● Source material:

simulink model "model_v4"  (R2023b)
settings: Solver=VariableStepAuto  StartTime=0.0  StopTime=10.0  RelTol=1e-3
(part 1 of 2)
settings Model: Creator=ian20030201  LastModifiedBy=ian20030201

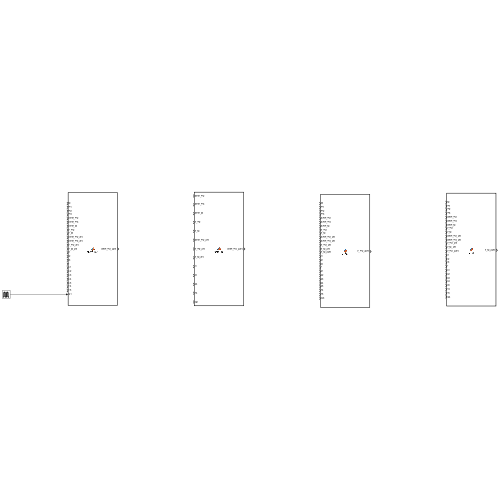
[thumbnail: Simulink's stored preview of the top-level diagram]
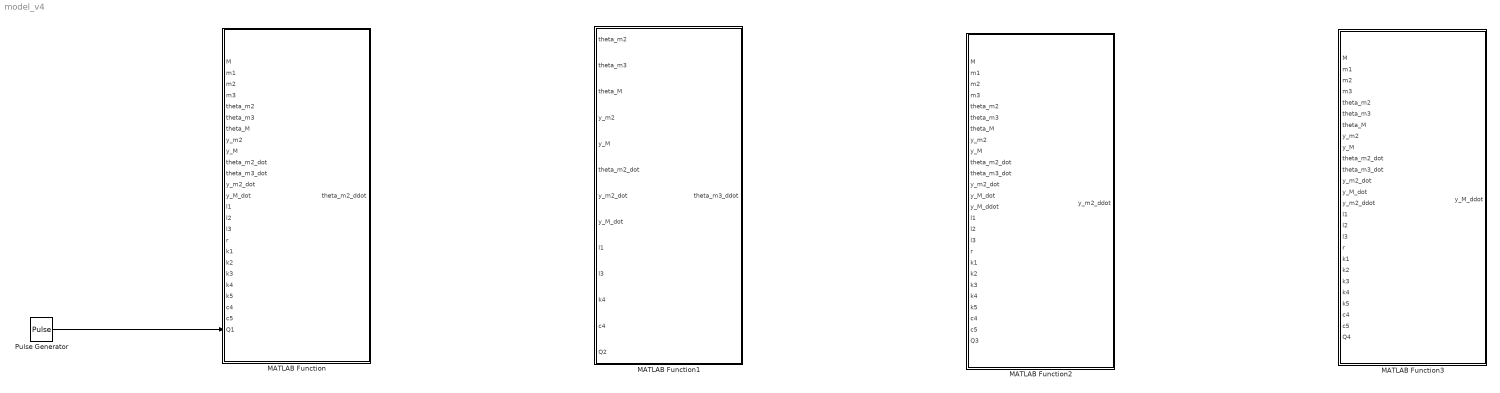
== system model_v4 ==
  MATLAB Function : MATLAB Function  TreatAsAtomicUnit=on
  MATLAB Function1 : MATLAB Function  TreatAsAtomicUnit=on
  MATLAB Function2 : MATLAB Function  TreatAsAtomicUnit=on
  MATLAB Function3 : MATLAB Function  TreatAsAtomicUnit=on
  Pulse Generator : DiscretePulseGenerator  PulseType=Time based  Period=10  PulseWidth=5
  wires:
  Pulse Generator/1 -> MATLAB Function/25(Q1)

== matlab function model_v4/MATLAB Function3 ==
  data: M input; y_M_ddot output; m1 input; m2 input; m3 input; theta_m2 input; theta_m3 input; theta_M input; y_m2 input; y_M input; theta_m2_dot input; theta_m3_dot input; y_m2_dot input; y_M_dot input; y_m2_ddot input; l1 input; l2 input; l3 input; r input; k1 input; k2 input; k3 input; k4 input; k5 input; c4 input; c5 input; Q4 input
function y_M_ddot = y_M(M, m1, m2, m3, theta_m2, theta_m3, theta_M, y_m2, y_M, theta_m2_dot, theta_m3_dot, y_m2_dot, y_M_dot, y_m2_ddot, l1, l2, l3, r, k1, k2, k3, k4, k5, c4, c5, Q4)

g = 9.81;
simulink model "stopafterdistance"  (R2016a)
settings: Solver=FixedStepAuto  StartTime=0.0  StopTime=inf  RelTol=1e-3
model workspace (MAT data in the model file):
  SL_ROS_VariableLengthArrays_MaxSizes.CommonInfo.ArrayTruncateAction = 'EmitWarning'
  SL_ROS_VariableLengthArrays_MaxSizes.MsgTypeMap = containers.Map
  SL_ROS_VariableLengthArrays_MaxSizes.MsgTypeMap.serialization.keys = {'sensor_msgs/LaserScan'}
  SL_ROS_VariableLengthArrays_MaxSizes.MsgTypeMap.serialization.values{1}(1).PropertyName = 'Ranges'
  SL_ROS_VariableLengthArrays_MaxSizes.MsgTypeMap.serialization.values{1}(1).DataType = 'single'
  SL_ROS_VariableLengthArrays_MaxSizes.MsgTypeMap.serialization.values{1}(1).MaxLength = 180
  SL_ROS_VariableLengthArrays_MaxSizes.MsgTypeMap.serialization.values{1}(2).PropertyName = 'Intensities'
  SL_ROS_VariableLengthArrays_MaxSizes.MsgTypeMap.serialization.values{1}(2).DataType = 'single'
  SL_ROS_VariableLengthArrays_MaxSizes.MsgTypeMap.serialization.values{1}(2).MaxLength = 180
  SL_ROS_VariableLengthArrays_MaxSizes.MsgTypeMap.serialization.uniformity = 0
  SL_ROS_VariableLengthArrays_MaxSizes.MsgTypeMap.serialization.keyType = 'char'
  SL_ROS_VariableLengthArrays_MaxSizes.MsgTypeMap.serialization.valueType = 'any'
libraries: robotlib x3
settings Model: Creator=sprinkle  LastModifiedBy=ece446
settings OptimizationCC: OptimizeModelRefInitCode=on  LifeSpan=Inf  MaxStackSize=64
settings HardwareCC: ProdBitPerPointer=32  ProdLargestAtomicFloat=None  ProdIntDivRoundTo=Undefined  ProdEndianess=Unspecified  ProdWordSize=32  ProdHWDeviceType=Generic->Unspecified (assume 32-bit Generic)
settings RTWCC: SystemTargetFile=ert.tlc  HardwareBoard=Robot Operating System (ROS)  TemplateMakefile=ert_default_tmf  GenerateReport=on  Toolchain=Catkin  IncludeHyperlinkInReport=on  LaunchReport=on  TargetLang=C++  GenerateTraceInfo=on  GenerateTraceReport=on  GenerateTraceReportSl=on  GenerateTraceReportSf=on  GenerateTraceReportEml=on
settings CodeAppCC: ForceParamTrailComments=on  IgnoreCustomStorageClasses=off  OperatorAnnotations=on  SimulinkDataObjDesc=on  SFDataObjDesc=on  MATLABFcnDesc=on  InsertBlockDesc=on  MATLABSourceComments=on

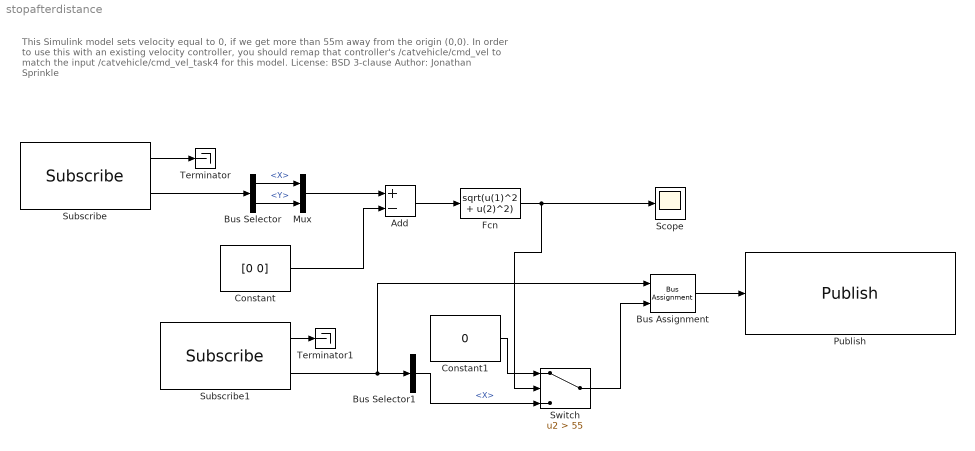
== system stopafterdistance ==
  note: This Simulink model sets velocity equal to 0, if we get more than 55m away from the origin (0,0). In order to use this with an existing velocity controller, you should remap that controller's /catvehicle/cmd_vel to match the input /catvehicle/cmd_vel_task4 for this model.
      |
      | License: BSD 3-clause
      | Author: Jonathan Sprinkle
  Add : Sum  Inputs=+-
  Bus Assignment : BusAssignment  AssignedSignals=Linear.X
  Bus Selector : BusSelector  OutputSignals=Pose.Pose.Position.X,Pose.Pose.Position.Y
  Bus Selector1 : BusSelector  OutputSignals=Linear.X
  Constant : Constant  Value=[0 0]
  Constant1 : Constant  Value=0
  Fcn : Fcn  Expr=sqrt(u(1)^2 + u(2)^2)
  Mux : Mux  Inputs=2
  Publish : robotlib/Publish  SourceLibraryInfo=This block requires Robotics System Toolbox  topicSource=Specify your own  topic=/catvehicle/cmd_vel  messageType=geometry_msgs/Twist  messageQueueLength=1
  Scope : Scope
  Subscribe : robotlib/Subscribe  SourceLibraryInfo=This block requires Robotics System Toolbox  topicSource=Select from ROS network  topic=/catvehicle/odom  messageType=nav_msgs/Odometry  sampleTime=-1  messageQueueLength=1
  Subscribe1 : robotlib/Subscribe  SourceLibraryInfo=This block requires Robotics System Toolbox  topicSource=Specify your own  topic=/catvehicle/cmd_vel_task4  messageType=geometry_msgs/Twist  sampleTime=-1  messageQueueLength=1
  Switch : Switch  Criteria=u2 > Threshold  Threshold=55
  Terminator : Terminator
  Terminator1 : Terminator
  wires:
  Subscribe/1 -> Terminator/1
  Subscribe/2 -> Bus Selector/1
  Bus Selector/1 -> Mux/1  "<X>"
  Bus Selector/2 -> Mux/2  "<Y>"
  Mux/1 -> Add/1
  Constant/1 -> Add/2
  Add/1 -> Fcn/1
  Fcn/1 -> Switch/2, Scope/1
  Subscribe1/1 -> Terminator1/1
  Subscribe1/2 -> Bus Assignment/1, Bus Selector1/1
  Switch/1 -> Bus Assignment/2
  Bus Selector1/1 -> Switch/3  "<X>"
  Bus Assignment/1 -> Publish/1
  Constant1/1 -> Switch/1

● Prompt:
Wherever a line in the listing contains the word "requires", copy that line out.

● Written response:
  Publish : robotlib/Publish  SourceLibraryInfo=This block requires Robotics System Toolbox  topicSource=Specify your own  topic=/catvehicle/cmd_vel  messageType=geometry_msgs/Twist  messageQueueLength=1
  Subscribe : robotlib/Subscribe  SourceLibraryInfo=This block requires Robotics System Toolbox  topicSource=Select from ROS network  topic=/catvehicle/odom  messageType=nav_msgs/Odometry  sampleTime=-1  messageQueueLength=1
  Subscribe1 : robotlib/Subscribe  SourceLibraryInfo=This block requires Robotics System Toolbox  topicSource=Specify your own  topic=/catvehicle/cmd_vel_task4  messageType=geometry_msgs/Twist  sampleTime=-1  messageQueueLength=1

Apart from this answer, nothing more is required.